Count the lines below with the string "units" in them. Only the number should be given.

*** Opening of DATA TO USE ***

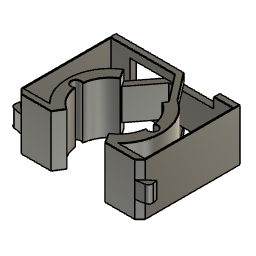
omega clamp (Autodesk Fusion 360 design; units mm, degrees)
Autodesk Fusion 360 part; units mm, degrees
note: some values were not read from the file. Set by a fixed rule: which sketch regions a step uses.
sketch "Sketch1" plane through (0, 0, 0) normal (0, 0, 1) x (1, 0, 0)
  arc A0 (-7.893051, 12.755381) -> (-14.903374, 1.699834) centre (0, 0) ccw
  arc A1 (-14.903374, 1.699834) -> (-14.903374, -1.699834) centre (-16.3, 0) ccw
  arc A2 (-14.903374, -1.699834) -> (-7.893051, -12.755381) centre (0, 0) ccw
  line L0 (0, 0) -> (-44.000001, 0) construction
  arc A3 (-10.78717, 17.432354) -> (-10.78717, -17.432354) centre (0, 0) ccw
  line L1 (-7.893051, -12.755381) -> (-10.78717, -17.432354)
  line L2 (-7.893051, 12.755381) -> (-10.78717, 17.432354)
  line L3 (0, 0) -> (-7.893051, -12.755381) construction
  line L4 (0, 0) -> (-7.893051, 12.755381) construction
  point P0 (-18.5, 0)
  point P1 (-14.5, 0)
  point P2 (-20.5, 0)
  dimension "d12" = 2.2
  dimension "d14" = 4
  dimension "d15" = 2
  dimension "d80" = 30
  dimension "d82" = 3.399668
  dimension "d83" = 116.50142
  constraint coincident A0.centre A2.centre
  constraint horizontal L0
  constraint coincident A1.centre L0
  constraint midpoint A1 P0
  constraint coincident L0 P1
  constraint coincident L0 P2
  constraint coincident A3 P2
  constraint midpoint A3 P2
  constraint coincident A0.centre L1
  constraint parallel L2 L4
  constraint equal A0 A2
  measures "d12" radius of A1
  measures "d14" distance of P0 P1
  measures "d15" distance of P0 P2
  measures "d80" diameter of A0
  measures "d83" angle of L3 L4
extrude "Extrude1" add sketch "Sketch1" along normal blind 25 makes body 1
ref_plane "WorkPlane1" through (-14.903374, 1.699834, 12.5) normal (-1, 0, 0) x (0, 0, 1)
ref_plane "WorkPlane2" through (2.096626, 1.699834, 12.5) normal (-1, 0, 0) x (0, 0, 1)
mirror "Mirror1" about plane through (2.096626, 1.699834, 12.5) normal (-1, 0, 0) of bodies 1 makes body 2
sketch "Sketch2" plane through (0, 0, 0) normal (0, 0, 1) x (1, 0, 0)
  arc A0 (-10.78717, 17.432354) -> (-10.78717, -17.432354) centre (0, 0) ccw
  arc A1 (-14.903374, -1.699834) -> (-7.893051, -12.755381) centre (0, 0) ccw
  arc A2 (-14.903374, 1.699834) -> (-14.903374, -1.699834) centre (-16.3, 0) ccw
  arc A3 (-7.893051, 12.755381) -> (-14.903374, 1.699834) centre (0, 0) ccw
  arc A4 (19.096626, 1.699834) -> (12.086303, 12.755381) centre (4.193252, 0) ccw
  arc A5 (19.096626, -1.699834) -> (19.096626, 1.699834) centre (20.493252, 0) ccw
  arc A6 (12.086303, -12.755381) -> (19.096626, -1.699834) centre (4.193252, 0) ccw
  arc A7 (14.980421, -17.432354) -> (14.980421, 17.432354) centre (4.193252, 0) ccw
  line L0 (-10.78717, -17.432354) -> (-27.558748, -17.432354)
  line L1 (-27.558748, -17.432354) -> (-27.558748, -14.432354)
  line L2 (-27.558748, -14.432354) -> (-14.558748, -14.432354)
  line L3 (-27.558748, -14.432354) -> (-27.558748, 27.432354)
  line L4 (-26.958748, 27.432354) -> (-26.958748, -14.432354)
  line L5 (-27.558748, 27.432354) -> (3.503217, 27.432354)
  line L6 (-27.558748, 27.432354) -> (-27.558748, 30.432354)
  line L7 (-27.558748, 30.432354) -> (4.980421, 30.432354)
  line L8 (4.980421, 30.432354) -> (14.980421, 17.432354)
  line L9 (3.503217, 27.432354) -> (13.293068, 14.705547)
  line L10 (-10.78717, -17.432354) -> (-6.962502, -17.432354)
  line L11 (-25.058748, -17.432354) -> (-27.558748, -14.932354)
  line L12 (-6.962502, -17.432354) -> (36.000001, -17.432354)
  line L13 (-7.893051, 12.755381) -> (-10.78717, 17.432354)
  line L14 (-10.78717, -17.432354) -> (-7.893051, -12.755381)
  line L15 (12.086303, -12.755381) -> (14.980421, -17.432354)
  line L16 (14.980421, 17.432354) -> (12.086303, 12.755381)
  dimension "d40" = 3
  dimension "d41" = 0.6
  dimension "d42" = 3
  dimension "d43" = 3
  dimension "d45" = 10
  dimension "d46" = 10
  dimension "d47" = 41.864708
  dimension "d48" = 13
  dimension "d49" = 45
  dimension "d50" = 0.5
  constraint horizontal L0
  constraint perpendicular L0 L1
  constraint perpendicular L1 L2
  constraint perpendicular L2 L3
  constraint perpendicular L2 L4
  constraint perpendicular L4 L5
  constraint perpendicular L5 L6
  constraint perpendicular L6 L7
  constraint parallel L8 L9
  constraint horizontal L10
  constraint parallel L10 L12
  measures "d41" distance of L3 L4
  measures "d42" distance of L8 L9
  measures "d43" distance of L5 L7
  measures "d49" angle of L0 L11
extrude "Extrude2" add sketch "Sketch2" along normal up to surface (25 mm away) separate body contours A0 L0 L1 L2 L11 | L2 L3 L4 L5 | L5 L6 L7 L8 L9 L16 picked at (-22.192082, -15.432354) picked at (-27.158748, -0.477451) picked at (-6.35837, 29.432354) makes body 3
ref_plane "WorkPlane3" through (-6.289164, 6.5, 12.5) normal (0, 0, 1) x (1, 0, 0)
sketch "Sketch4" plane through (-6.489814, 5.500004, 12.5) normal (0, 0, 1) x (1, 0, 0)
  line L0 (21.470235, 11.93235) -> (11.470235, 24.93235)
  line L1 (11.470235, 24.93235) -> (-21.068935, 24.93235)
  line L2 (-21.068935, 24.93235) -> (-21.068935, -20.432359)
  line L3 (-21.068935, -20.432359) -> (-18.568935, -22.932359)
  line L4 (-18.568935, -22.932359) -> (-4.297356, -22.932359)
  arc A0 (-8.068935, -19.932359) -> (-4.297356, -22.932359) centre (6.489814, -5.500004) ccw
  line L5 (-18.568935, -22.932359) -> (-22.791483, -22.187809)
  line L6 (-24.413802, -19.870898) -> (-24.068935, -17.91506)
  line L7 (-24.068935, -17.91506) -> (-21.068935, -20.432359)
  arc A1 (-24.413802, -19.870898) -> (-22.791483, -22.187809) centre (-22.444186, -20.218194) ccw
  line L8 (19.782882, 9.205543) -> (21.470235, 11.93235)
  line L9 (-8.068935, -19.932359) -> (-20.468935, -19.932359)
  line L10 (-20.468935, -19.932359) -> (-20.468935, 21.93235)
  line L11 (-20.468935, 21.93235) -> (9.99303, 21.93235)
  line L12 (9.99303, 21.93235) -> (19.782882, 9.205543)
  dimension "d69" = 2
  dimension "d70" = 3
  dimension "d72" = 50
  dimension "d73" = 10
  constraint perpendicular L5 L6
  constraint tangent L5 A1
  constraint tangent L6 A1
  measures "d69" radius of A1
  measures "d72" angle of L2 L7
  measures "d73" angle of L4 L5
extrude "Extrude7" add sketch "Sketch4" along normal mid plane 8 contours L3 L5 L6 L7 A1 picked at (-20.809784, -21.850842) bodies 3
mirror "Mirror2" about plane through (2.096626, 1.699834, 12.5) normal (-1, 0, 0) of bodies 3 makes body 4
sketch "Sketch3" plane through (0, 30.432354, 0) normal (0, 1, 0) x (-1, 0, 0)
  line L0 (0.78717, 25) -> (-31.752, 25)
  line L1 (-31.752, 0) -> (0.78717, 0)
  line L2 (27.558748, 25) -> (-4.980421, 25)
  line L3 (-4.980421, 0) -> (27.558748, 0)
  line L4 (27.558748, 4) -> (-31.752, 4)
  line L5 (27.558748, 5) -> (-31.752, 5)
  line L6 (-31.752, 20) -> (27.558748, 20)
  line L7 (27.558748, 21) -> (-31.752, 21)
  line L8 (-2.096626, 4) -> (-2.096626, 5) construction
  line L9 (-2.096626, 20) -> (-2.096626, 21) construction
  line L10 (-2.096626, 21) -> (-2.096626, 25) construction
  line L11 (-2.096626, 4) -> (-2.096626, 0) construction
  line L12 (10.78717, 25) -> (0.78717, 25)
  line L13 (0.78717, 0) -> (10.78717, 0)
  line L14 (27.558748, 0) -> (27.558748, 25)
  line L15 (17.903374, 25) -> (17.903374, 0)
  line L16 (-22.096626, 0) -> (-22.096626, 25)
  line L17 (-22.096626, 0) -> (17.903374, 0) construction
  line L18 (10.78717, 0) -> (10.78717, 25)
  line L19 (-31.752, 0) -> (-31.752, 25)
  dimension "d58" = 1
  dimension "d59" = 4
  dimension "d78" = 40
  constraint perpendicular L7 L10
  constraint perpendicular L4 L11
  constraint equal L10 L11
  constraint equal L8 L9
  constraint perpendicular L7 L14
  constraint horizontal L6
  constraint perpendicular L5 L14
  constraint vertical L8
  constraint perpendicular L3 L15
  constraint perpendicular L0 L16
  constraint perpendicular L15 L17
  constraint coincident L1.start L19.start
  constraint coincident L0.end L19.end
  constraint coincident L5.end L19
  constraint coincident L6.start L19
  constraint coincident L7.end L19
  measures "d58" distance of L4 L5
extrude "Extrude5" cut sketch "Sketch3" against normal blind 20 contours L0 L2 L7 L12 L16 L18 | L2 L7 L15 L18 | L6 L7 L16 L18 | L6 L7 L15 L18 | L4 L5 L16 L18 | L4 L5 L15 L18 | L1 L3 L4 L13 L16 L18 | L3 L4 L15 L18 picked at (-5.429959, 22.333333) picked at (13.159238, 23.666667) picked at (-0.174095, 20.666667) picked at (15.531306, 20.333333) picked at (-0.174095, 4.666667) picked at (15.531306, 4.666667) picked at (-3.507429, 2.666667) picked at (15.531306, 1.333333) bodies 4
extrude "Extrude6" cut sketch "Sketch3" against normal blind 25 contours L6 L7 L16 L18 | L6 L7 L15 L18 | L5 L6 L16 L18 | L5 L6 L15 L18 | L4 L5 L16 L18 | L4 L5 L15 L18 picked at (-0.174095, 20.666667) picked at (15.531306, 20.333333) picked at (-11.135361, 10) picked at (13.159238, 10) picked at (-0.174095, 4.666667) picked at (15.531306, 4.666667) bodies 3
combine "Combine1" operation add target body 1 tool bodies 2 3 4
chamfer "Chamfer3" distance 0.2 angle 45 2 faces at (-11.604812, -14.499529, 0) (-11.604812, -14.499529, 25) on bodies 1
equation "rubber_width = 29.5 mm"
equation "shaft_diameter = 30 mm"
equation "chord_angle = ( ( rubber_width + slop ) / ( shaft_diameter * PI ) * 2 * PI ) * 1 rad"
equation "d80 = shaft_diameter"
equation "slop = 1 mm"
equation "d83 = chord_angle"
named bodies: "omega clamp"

*** Close of DATA TO USE ***

OUTPUT FOR THIS EXERCISE:
2